[ale] [OT] Working for Bill

aaron aaron at pd.org
Fri Apr 21 11:16:19 EDT 2006


On Thursday 20 April 2006 14:56, Warren Myers wrote:
> On 4/20/06, aaron <aaron at pd.org> wrote:
> > {re: big of MicroSoft not to fire bloggers]
> > [snip]
> > Free speech is a right guaranteed to all citizens living under the U.S.
> > constitution, not some special privilege dispensed by the mercenary
> > lawyers  of corporape America.  There is nothing "magnanimous"
> > about _not_ attacking or violating our freedoms and civil liberties.
> 
> Free speech is not guaranteed to individuals working for others, however, in
> the context of their employment agreement.

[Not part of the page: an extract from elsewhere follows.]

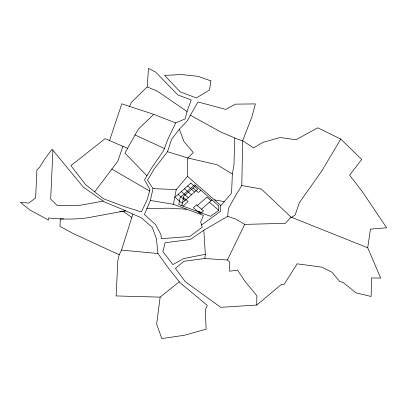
<?xml version="1.0" encoding="UTF-8"?>
<svg xmlns="http://www.w3.org/2000/svg" width="407" height="407" viewBox="0 0 407 407"><rect width="100%" height="100%" fill="white"/><g stroke="black" fill="none" stroke-linecap="round" stroke-linejoin="round"><path stroke-width="0.61" d="M179.334 129.222L171.637 139.158L167.501 151.694L154.019 169.17L147.527 180.199L153.017 188.634L150.366 200.468L144.429 214.479L155.586 224.618L160.994 234.661L161.243 238.721L189.774 236.498L202.284 227.192L200.671 222.1L203.419 215.41L173.397 204.278L176.246 189.555L187.515 176.348L187.739 157.972L193.254 152.533L184 141.59L179.334 129.222L186.976 121.317L197.939 101.943L225.783 109.386L235.47 104.141L255.403 103.902L251.826 117.18L242.664 140.71L241.783 185.531L236.355 194.297L228.393 208.506L227.706 216.305L203.81 230.23L190.059 239.565L165.115 242.72L162.927 251.658L172.878 264.586L183.465 258.638L205.316 254.283L203.81 230.23M256.746 305.047L256.858 295.787L244.805 281.003L237.52 270.156L229.584 271.225L229.746 262.123L227.371 259.997L204.843 258.531L183.654 261.304L175.468 268.442L185.231 281.644L220.747 307.326L256.746 305.047L281.339 284.513L284.03 284.457L297.151 263.822L321.901 267.17L331.975 272.217L339.708 281.532L343.03 282.366L356.018 292.857L371.153 296.479L371.464 277.935L380.667 278.093L367.724 247.787L370.456 229.116L386.65 227.793L362.388 191.763L349.613 175.137L361.731 159.468L340.776 139.077L317.775 127.803L296.011 139.749L280.082 137.51L262.881 142.425L253.48 147.868L242.664 140.71L238.502 139.525L220.991 132.133L190.41 115.237M234.737 137.983L233.984 164.586L232.351 174.064L231.573 193.091L220.945 205.54L187.515 176.348M220.762 205.377L220.569 211.33L201.572 224.934M52.925 150.3L50.687 199.074L57.173 205.504L60.231 205.688L72.878 205.713L81.639 205.042L103.246 201.073M109.514 140.654L121.81 103.785L129.538 106.43L131.471 102.213L147.197 86.935L148.509 68.417L155.56 72.029L177.971 95.019L191.239 99.919L187.022 111.508L185.119 118.915L175.687 122.95L167.816 139.403L163.782 150.28L151.022 168.89L144.551 179.787L149.985 189.586L147.207 199.603L141.402 211.925L124.191 206.522L103.536 198.804L85.419 184.447L70.925 165.634L105.113 138.68L127.569 148.316L138.349 129.131L153.724 114.316L175.687 122.95M204.843 258.531L205.316 254.283M179.253 281.802L160.155 297.125L156.654 324.196L161.818 338.583L184.549 335.231L206.151 329.177L205.27 309.992L207.27 305.372L180.169 282.84L169.017 268.93L157.957 253.536L156.385 238.405L152.213 227.304L141.346 217.826L122.105 209.234L104.645 202.055L83.318 187.149L52.04 149.232L43.763 160.506L39.662 167.252L36.92 169.805L35.628 197.909L28.785 203.093L20.35 202.376L30.001 210.053L48.443 220.07L48.54 217.959C61.182 219.342 73.977 219.515 86.61 217.948L125.61 210.806L119.724 211.726M181.888 205.683L183.705 196.291L195.665 185.699M132.891 214.072L121.505 250.112L119.205 254.731L117.816 260.887L116.143 295.935L160.155 297.125M122.955 146.25L117.837 161.192L94.765 191.753M227.371 259.997L244.709 224.379L285.378 223.341L290.995 217.094L367.724 247.787M127.569 148.316L124.934 153.113L146.927 175.783M340.776 139.077L321.688 171.123L299.415 202.594L295.167 214.906L291.493 217.557L261.345 189.026L241.783 185.531M183.013 206.1L188.156 201.541L183.481 197.456M200.89 190.262L198.326 192.531L193.101 187.968M197.37 205.576L206.904 197.136L211.065 200.768M198.545 211.859L199.257 211.228L201.033 212.78M201.531 209.213L211.986 199.949M146.912 208.618L168.462 208.196L186.752 209.229M153.017 188.634L176.246 189.555M63.599 219.012L60.312 218.885L59.971 226.328L73.779 233.832L119.205 254.731M121.505 250.112L157.957 253.536M150.366 200.468L173.397 204.278M214.438 199.857L224.272 201.648M167.501 151.694L187.739 157.972L217.129 164.749L232.351 174.064M129.538 106.43L153.724 114.316M227.706 216.305L235.897 219.175L244.709 224.379M147.197 86.935L157.478 91.249L187.022 111.508M134.946 134.895L164.525 148.565M111.788 169.068L149.578 190.985M122.873 211.218L131.848 217.389M209.422 202.223L218.712 210.333M187.673 185.933L194.612 191.992M184.498 188.746L191.432 194.805M181.319 191.565L188.258 197.619M178.144 194.378L185.078 200.432M218.859 205.952L218.712 210.444L210.531 216.3L178.79 204.533L180.128 197.629L194.617 184.788L218.859 205.952M210.923 80.881L209.529 89.962L196.311 97.945L180.153 91.794L164.637 75.443L181.049 74.517L198.041 76.328L210.923 80.881M190.852 183.119L174.964 197.192L181.904 203.251L197.787 189.174L190.852 183.119M196.581 204.889L193.401 207.702L200.341 213.756L203.515 210.943L196.581 204.889"/></g></svg>

Honoring above board, specifically stated and mutually agreed upon contractual 
obligations of confidentiality regarding explicit items of information was 
not the point in question. The broad corporate legal assaults on citizens' 
rights to publically express personal opinions, discuss political views or 
expose illegal activities and corruption without threats to their livelihood 
or coercion from their employers was.

> Just like some businesses disallow individuals from carrying weapons
> onto their premises, a private organization can disallow publication of
> information by their employees.

...but only to the limits that those contracts and agreements are not a 
violation of law, and coercion in expectation or demand that a citizen 
forfeit their constitutional rights is clearly prohibited by the founding 
tenets of our justice system. An employment contract could just as easily 
grant permission for the corporation to poison an employee's children, but 
those provisions would be equally illegal and unenforceable, even if the 
indentured family were living in company housing on the corporate farm.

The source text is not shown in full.